A man in a dusty cloak and worn shoes is making his way through the dense crowds that fill the narrow road passing over London Bridge. He has just returned from a pilgrimage and leans heavily on the stout wooden stick that has seen him all the way to Salisbury and home again. He is tired, but before he returns to his little house and workshop on Cheapside there is one more thing he needs to do.
He spies a short and impossibly thin passageway between the tall buildings that line the bridge and cuts away from the crowd, stepping into the dark, his shoulders brushing the walls of the houses on each side. It stinks of rotten vegetables and urine and something, probably a rat, scuttles across his foot. He is relieved when he reaches the stone wall at the end of the alley and can see the Thames, wide and muddy brown, flowing away from him.
Standing on tiptoe, he looks down at the base of the bridge around which the water is rushing noisily, filling the air with wet river breath. This is the smell of home and he thanks God for his safe return. He breathes in the smell and closes his eyes, plucks a small diamond-shaped metal badge from his cloak and tosses it into the raging water.
Fast forward 600 years to a few weeks ago. It’s nearing dusk on a muggy summer evening and I’m on my hands and knees on the Thames foreshore, 100 yards from London Bridge, the latest incarnation in the 2,000-year history of London’s oldest crossing. I’m mudlarking, searching for evidence of London’s past, and tonight I’m in luck. Caught against a stone, in a low water-filled dip in the shingle, is a small diamond-shaped metal badge.
I recognise it at once as a medieval pewter pilgrim badge. The head and shoulders that rise out in relief are those of St Osmund, the patron saint of mental illness, paralysis and toothache, whose remains are enshrined at Salisbury Cathedral. Thousands of badges like this were sold at the shrines that pilgrims visited, cheap souvenirs to be pinned to cloaks, hats and bags.
Although they are rare finds today, more pilgrim badges have been found in the Thames than anywhere else in the country, leading some to speculate that they were thrown into the river as a kind of ritual offering. Whoever threw this badge into the water was continuing an age-old belief in a sacred river filled with gods, spirits and lost ancestors.

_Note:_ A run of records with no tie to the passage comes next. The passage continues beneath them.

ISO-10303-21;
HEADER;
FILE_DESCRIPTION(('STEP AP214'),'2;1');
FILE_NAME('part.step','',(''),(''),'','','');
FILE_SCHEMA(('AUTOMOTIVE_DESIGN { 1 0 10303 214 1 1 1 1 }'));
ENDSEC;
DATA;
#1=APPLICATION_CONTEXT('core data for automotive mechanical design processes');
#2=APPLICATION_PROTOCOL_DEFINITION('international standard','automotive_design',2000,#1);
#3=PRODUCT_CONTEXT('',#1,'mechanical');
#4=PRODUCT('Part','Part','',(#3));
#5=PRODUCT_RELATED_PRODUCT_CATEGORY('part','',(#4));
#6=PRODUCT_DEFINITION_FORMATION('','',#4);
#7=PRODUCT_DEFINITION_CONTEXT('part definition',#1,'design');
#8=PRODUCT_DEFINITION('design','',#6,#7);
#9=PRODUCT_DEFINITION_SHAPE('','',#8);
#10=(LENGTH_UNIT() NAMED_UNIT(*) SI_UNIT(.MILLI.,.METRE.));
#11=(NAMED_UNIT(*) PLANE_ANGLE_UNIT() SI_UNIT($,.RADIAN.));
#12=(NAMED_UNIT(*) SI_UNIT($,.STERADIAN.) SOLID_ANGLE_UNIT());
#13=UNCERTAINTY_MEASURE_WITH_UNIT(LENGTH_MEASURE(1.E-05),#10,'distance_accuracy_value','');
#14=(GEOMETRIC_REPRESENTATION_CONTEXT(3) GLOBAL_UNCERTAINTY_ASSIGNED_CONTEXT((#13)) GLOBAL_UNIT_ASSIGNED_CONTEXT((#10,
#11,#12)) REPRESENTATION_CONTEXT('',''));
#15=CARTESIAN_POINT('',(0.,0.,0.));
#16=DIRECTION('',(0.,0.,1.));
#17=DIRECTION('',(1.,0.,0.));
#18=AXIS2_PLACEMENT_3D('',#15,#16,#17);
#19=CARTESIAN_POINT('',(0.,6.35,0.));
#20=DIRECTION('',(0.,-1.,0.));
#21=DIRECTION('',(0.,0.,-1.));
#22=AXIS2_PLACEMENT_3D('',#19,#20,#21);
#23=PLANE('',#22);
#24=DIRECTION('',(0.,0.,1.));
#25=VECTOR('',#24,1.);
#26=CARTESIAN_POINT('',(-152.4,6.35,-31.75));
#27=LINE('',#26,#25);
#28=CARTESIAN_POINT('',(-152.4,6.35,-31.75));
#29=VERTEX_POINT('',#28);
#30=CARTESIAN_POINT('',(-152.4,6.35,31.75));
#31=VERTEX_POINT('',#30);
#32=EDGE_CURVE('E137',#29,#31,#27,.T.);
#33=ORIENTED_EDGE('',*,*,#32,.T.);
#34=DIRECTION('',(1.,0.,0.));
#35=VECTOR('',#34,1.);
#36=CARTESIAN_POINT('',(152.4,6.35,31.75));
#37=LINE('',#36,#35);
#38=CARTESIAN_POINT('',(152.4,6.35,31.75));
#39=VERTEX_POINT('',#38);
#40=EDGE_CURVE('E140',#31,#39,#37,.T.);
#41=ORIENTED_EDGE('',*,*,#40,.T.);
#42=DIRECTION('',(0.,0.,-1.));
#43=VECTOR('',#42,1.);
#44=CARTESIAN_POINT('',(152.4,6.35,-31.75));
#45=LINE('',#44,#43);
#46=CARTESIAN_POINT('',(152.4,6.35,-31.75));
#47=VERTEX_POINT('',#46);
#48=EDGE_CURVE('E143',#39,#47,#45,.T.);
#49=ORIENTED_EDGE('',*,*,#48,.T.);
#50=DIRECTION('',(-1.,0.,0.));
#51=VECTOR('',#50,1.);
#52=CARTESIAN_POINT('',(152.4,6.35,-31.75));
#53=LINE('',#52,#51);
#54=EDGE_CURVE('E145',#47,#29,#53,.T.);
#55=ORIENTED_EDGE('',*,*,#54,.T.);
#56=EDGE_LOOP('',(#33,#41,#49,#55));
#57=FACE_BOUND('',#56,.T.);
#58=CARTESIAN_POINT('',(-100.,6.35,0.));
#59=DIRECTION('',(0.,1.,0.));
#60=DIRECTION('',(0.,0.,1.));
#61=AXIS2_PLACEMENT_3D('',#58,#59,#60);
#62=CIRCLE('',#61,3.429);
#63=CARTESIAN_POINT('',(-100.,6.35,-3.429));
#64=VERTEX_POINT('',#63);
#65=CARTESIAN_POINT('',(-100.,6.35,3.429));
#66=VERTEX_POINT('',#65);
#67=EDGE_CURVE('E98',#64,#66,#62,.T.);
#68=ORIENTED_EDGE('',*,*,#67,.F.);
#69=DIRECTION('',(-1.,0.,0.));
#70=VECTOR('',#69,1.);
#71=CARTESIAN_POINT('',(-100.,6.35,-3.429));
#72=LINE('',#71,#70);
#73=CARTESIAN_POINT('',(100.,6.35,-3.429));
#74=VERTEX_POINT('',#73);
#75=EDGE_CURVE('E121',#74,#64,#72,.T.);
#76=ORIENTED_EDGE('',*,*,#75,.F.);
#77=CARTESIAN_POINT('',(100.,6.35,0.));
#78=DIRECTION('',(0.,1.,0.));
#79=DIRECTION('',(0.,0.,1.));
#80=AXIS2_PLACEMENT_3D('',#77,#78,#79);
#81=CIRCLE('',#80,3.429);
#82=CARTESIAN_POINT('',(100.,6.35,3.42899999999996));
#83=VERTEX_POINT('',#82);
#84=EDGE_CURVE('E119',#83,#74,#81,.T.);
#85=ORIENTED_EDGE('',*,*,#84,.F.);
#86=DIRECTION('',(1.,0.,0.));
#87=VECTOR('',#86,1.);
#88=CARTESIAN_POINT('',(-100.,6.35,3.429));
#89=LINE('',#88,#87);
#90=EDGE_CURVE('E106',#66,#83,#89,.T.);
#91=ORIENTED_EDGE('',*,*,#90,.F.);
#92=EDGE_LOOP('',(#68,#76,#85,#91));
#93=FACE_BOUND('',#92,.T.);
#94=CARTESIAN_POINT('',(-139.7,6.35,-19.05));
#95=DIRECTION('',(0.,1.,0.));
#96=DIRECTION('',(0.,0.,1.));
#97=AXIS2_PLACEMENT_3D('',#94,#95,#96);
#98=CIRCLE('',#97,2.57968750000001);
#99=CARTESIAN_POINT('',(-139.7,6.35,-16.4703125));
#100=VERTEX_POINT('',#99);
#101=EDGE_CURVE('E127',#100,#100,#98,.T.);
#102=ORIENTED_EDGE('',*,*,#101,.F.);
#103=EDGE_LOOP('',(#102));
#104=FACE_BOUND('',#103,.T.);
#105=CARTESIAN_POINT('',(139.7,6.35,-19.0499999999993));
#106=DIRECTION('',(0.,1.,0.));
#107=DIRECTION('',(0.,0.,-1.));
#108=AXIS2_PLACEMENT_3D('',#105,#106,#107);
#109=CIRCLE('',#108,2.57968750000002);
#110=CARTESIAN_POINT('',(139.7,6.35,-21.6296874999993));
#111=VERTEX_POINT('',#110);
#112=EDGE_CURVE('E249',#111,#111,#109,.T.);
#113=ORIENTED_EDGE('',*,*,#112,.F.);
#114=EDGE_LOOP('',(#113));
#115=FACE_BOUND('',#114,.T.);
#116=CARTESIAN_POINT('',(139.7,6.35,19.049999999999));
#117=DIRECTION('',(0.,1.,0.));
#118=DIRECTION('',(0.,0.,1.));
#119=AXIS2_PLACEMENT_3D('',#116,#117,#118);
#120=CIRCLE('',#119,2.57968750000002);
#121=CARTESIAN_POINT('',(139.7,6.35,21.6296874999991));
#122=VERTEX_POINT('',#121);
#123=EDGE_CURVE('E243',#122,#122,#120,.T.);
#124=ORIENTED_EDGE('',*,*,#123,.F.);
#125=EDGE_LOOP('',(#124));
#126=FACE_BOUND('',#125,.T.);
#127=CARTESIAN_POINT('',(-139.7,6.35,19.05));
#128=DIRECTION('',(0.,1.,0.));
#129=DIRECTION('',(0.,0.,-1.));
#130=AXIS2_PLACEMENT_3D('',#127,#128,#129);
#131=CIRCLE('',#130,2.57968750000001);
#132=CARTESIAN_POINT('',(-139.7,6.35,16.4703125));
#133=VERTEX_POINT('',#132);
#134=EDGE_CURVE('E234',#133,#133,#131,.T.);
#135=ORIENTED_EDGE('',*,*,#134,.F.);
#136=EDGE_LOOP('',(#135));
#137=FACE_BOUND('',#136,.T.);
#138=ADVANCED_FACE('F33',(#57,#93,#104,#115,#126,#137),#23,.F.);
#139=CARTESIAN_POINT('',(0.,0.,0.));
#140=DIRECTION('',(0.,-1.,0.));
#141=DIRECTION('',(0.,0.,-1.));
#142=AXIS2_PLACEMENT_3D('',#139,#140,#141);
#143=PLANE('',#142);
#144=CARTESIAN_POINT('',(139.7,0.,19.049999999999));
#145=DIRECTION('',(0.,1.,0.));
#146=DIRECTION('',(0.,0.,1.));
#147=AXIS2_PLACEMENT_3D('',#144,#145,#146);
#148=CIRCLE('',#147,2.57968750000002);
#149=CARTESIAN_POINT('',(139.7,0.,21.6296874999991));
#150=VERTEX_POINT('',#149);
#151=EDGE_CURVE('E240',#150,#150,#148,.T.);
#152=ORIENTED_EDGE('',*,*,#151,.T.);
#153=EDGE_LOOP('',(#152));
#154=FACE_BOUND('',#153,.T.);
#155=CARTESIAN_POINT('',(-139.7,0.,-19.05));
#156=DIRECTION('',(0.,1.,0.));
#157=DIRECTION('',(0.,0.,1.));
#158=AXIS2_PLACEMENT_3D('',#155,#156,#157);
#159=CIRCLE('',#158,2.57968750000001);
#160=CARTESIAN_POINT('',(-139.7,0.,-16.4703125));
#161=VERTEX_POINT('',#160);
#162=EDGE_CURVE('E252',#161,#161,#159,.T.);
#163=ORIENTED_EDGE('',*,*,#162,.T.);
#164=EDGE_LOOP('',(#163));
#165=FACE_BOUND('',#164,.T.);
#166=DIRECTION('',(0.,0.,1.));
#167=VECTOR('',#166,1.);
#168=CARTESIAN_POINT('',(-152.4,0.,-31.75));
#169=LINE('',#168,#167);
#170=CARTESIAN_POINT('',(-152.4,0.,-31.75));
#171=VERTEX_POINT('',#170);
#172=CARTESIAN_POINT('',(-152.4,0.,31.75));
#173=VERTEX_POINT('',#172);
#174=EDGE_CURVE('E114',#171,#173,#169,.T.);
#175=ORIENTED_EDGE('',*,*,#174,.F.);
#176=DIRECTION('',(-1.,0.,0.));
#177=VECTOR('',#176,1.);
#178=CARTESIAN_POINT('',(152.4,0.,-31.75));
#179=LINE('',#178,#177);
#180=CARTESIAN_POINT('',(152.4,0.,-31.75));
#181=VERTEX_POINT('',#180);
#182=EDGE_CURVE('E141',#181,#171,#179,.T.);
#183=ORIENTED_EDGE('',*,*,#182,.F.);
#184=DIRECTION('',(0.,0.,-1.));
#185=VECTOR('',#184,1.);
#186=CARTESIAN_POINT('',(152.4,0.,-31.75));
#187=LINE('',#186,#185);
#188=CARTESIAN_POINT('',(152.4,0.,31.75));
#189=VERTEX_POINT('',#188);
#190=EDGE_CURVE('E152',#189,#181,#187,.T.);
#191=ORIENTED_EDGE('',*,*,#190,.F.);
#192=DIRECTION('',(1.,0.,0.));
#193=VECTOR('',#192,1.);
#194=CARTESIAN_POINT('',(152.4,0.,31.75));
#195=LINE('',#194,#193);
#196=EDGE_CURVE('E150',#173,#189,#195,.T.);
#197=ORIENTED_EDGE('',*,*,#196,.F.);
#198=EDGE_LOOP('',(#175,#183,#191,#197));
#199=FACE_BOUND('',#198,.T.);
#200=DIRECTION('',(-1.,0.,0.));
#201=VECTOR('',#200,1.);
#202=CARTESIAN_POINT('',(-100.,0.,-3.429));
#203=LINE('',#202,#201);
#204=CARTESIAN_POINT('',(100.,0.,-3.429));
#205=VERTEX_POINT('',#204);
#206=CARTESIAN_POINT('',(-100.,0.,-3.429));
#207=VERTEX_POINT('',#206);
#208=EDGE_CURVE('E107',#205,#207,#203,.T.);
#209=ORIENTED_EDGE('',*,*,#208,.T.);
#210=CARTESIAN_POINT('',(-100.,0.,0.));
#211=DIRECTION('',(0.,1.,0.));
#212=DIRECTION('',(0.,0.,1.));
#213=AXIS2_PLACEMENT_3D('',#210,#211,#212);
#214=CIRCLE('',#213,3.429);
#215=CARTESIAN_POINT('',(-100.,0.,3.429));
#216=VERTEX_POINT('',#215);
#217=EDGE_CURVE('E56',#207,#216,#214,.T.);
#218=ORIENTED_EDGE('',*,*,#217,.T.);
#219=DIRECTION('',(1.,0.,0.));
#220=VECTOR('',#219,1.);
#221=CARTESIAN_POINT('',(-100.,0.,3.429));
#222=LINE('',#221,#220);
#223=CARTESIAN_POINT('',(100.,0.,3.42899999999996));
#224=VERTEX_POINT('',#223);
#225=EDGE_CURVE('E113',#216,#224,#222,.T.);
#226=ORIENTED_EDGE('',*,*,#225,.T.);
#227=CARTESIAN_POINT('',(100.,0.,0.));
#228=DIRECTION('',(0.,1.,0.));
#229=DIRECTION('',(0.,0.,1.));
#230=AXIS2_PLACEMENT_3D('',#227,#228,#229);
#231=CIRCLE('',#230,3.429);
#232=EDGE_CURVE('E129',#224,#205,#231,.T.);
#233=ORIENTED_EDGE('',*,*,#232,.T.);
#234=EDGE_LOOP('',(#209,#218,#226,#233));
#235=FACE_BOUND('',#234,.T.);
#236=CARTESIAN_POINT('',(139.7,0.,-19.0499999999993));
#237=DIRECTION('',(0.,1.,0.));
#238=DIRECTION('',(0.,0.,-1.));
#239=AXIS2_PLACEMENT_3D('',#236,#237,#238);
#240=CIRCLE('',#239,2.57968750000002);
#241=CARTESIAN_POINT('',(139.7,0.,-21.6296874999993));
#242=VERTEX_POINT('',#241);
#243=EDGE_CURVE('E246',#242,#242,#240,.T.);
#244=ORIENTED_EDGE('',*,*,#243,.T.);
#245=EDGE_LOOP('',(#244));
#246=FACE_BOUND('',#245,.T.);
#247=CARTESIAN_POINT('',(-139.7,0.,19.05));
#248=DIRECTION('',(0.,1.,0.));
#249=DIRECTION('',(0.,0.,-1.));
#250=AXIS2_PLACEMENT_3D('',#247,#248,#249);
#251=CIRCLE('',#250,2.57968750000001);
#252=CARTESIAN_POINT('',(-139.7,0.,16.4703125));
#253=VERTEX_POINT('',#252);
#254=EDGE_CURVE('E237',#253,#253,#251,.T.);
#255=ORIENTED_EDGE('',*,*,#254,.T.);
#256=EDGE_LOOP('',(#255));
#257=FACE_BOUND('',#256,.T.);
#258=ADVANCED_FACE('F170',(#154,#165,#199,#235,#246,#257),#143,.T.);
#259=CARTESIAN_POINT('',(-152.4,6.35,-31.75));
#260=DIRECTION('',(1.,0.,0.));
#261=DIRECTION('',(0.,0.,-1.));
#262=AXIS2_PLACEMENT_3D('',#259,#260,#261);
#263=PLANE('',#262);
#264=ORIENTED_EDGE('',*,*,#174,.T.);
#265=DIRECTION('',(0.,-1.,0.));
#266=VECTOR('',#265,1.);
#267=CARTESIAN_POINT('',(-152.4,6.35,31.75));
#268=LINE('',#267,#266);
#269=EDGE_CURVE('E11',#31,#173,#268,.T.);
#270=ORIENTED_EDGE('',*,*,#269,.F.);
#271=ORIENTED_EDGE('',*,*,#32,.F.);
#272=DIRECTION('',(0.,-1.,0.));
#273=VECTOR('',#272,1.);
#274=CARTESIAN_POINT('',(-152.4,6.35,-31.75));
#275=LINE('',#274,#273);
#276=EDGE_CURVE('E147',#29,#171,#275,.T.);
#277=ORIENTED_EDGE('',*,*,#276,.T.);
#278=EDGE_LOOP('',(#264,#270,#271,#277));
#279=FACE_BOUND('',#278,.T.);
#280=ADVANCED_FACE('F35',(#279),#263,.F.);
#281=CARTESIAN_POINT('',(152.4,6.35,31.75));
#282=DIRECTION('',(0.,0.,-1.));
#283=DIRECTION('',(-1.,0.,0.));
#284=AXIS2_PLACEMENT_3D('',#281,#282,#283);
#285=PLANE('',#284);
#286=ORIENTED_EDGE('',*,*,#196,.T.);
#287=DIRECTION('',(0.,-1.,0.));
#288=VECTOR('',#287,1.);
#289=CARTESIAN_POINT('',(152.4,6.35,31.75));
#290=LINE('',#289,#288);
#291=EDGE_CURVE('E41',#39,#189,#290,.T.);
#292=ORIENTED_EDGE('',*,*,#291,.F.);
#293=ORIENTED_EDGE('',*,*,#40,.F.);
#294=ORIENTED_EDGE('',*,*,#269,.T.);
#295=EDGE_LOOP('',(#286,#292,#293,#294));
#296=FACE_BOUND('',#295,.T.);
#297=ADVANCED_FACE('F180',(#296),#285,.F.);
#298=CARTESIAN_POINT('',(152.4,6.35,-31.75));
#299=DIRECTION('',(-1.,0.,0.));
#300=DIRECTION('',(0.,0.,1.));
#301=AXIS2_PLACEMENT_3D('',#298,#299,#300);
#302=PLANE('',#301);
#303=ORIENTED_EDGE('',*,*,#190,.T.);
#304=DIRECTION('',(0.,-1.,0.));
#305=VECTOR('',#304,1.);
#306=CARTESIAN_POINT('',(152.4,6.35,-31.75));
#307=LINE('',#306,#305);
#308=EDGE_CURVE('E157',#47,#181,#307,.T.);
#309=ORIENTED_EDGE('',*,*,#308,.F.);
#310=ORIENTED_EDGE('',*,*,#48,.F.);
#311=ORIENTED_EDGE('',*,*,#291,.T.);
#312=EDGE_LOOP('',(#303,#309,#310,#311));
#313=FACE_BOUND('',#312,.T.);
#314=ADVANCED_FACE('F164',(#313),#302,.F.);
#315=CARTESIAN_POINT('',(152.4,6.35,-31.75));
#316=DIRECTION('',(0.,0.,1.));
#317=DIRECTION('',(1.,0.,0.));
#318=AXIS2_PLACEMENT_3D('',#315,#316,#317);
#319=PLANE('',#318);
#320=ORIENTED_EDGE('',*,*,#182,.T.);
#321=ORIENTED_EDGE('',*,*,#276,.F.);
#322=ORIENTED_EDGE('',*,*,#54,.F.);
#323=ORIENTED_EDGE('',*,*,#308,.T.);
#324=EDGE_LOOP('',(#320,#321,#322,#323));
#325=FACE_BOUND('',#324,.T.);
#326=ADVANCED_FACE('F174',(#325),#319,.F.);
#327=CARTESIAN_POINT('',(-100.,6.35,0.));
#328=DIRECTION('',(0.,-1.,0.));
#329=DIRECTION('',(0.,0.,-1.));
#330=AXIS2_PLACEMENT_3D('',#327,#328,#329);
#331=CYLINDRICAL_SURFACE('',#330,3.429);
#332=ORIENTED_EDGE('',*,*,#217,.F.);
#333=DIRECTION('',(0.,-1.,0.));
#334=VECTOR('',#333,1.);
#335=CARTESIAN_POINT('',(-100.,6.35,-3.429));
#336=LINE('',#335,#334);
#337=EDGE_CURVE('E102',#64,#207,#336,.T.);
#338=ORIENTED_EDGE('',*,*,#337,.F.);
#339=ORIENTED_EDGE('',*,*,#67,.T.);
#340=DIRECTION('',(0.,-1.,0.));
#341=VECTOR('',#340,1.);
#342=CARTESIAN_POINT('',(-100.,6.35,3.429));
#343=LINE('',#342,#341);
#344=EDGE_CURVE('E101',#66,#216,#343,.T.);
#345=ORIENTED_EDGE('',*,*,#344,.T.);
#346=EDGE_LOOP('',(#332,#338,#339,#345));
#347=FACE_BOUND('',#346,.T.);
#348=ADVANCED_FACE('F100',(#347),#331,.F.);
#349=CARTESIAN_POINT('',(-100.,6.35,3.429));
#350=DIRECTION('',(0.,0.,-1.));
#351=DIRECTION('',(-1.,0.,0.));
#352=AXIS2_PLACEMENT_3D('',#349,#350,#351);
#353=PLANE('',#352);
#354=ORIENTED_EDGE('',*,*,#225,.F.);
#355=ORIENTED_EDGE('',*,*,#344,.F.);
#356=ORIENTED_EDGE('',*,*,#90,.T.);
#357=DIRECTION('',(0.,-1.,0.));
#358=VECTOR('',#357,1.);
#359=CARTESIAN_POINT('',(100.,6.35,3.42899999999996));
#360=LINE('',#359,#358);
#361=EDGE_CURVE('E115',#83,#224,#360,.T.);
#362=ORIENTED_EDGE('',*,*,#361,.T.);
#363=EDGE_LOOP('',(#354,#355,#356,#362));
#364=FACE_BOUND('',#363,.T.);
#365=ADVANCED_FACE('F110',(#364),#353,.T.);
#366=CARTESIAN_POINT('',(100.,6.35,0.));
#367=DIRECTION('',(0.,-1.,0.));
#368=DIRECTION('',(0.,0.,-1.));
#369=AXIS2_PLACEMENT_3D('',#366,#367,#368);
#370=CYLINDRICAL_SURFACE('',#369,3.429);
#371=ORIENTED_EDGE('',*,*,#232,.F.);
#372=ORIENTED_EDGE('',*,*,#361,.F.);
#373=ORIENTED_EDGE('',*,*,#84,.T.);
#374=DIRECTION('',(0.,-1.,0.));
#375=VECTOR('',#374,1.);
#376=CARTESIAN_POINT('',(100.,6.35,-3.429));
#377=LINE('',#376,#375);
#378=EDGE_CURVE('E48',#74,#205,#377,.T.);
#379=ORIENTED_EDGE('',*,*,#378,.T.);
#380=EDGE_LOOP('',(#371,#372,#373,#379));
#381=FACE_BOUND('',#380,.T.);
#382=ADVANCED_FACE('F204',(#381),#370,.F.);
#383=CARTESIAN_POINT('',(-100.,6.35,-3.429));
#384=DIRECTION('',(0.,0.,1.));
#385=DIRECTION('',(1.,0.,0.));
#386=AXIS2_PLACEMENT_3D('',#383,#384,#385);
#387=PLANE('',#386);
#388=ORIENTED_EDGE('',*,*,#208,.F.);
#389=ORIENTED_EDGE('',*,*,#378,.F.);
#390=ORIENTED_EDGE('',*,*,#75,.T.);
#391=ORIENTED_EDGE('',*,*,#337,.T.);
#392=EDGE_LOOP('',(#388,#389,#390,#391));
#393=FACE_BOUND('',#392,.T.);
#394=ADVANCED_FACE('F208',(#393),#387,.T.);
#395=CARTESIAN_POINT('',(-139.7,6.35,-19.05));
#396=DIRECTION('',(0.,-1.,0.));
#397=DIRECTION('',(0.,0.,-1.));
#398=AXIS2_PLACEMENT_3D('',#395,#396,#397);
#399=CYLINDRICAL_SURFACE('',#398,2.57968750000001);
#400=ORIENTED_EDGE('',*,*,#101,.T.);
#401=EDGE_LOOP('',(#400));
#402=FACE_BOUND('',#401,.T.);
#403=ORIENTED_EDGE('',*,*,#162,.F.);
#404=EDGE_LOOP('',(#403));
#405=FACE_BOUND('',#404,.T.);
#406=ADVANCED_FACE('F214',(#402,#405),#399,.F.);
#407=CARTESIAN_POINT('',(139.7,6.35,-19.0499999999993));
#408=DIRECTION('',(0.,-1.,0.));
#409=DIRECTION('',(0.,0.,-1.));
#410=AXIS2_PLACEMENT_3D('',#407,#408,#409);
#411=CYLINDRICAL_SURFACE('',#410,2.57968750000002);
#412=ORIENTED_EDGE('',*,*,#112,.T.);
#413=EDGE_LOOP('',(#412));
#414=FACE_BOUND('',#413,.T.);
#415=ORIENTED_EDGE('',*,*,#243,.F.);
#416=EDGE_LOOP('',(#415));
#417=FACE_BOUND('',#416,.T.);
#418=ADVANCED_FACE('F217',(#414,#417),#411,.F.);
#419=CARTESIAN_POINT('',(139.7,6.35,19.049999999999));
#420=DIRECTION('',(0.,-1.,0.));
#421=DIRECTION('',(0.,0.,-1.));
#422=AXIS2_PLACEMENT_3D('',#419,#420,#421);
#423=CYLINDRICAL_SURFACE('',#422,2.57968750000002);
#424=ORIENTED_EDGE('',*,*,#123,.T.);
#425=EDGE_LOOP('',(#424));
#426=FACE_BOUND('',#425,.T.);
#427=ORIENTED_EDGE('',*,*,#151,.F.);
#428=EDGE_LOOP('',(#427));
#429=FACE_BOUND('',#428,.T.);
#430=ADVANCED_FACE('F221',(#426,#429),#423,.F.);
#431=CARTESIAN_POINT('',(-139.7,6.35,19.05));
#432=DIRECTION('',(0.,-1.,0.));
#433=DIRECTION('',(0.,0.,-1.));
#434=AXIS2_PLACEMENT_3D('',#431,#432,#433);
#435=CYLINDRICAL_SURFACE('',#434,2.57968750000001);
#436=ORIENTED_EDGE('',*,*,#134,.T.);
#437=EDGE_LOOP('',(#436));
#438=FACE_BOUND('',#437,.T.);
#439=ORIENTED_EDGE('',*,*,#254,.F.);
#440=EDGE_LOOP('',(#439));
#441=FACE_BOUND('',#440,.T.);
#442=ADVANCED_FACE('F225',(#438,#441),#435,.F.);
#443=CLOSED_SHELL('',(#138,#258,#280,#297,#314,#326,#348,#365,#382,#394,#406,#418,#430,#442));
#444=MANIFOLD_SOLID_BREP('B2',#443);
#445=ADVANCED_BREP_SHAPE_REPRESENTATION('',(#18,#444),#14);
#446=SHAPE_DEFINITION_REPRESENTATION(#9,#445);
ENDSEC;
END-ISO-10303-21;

When the Victorians dredged the Thames and built embankments and bridges in the 19th century, they found thousands of prehistoric stone weapons and tools that had been offered to the river by some of the first humans to settle its banks. In the Bronze and Iron Ages, swords, spears, helmets and shields were added to the river’s trove. The value and beauty of these objects show just how important their riverine gods were to them and that these beliefs didn’t diminish with the coming of the Romans.
Victorian dredging also brought up Roman coins by the bucketful along with small votive statues. They may not have been honouring the river quite as ostentatiously, but by flicking in a low-denomination coin from the Roman bridge they too were acknowledging the river as a sacred place and pleasing the gods that dwelt within it. By the age of sail in the 18th century, the notion of river gods may have died out, but Georgian sailors were still paying the river for a fair wind on their travels by dropping pennies into it.
Even today, who hasn’t flicked a coin into water for luck? On an average day I can collect quite a handful of small change from under the bridges, proving that this ancient tradition is alive and well. I am also finding increasing numbers of religious objects on the foreshore: Wiccan spells, crucifixes, Islamic prayers, Taoist statues and all manner of Hindu offerings since the Thames was blessed in 1970 as a sacred river for Hindus. Every January for the past 20 years or so, a Christian procession from Southwark Cathedral on the south side of the river and St Magnus on the north side meets halfway across London Bridge to bless the Thames and to cast a wooden cross into it.
As I kneel on the foreshore with the light fading and storm clouds gathering above, I look into the face of St Osmund and consider all of this. The Thames has been my spiritual place for two decades; perhaps in these uncertain times, it will come to mean as much to others and resume its role, at least in part, as a sacred part of the city.